Having found and signed up their recruits, labour agents had to move them quickly and efficiently to the mines. A runner’s job was to deliver recruits on time to depots, from where they would be put on trains and sent to the mines. Runners worked under intense pressure for relatively little pay. In 1918, a runner earned two pounds, ten shillings a month.11 This begins to explain why Sitoye and Makuleke abandoned the old man and did not let his son stay with him. Until 1900, when Wenela was founded, recruitment was a ‘scandalously wasteful and expensive system’.12 By 1910, the mining industry needed about 200 000 recruits a year.13 Every healthy recruit counted. But labour agents would sometimes dupe recruits into signing contracts they did not understand or agents would ‘poach’ recruits from one another. Wenela introduced ‘order’ to the system. But travelling to the mines was still a perilous journey for migrants:

Once en route to the rand, an African would typically pass through the hands of two or three labour ‘touts’ (in effect having been sold from one to the next) before he reached his destination. Those who arrived safely at the mines after running a gauntlet of avaricious labour agents, government officials, predatory farmers and actual thieves, met a new set of horrors.14

Conservation and mining: An odd couple?

Where did the Kruger National Park fit into this story of movement and peril? To ask this is to raise a question about the relationship between the park and the mining industry, the National Parks Board and the Chamber of Mines. Simply put, the relationship between the park and the mining industry was characterised by what one mining industry official called ‘the most friendly co-operation’.15 While Stevenson-Hamilton was, on the whole, opposed to industry and what he saw as industry’s generally grubby designs on the park, he was friendly towards the mining industry.16 In fact, Wenela built one of the first roads in the park in 1920. The road, in the northern section of the park, was intended to improve the transportation of recruits from Portuguese territory.
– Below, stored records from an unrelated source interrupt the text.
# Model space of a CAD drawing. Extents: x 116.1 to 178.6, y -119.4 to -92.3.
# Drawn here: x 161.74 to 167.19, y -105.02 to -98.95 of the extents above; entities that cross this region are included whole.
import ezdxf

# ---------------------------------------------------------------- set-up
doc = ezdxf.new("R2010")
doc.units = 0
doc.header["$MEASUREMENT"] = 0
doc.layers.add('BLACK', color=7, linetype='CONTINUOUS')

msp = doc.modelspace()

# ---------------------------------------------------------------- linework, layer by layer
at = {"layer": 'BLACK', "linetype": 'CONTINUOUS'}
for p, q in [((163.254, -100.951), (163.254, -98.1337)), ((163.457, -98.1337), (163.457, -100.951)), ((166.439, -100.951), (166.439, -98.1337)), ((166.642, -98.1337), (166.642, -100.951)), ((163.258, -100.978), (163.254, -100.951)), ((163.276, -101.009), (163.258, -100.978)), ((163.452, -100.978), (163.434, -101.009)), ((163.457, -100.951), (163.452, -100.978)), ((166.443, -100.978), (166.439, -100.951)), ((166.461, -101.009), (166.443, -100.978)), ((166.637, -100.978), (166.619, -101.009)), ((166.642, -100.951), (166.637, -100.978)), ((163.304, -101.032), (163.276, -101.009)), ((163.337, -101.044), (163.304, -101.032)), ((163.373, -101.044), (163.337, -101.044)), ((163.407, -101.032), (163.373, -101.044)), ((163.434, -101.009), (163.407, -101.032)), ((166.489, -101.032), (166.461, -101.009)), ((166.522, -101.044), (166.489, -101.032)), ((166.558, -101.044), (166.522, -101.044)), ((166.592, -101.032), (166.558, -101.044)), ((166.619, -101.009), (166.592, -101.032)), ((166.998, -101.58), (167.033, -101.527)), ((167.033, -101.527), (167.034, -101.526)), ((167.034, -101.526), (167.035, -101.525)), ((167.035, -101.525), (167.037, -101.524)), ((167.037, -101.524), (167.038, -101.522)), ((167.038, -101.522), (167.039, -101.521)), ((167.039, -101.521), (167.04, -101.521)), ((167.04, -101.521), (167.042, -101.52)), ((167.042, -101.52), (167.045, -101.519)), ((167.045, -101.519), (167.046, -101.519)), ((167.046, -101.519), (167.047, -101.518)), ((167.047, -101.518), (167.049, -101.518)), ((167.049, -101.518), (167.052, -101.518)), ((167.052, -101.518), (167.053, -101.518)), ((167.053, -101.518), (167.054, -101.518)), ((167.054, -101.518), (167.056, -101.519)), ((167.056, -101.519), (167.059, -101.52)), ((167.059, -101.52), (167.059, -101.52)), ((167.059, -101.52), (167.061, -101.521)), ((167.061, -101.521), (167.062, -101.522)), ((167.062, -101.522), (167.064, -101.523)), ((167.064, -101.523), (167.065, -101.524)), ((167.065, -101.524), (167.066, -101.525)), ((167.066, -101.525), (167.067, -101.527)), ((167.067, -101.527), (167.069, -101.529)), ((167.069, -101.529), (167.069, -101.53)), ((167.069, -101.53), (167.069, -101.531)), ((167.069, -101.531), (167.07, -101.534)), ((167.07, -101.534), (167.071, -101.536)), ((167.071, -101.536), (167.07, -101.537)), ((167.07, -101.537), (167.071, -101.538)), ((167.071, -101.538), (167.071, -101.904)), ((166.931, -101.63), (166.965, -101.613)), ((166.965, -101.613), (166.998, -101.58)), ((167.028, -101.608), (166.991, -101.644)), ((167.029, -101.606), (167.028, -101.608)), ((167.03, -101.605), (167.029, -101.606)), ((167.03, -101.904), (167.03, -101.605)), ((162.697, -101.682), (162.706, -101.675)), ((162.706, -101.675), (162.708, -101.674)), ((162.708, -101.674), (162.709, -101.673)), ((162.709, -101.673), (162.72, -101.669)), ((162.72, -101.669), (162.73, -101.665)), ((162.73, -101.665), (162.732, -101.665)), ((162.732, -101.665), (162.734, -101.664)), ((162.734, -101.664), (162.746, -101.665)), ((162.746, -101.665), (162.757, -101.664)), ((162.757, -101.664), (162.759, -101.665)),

The road proved so useful that Wenela offered the National Parks Board an annual subsidy of five hundred pounds, ‘in consideration of the wear and tear caused by their heavy busses traveling in all weathers and several times a week’.17

Furthermore, the association was granted government permission in the 1920s to set up recruitment and processing camps in the park. The main camp was established in Pafuri in the north, with five rest camps set up at 25-mile intervals between Pafuri and a town north-west of the reserve called Louis Trichardt (Makhado). A wagon transport service was established in April 1921, covering the 130 miles between Pafuri and Louis Trichardt. A journey cost twelve pounds, but the sick travelled for free.18 By June 1922, the Pafuri road was handling 3 500 recruits a year. About 600 recruits came from Massengeri, a recruitment depot on the Mozambican side of the border, while a route that connected Maplanguene in Mozambique to Acornhoek and Zoekmekaar, two major towns on the South African side of the border, handled 3 000 recruits a year. All three routes traversed the park. As W Gemmill, Wenela’s manager and secretary, put it in 1922: ‘Half of these boys would be lost to the Industry if those routes did not exist.’19 One of the Wenela camps, Isweni, was donated to the Kruger National Park in 1941 and converted to a ranger station. The camps were crucial to the recruitment of labour. In 1918, for example, when Wenela set up camp at Pafuri, about 2 000 recruits were sourced from the park’s northern area by unregistered labour recruiters alone. But roads in the park transported more than recruits. They were also key to the development of the reserve as a tourist destination. Furthermore, migrants who went through the park would work briefly for the park to earn their pass and then move on to the mines. Wenela used the park to transport its recruits. In this sense, Wenela and the reserve benefited each other.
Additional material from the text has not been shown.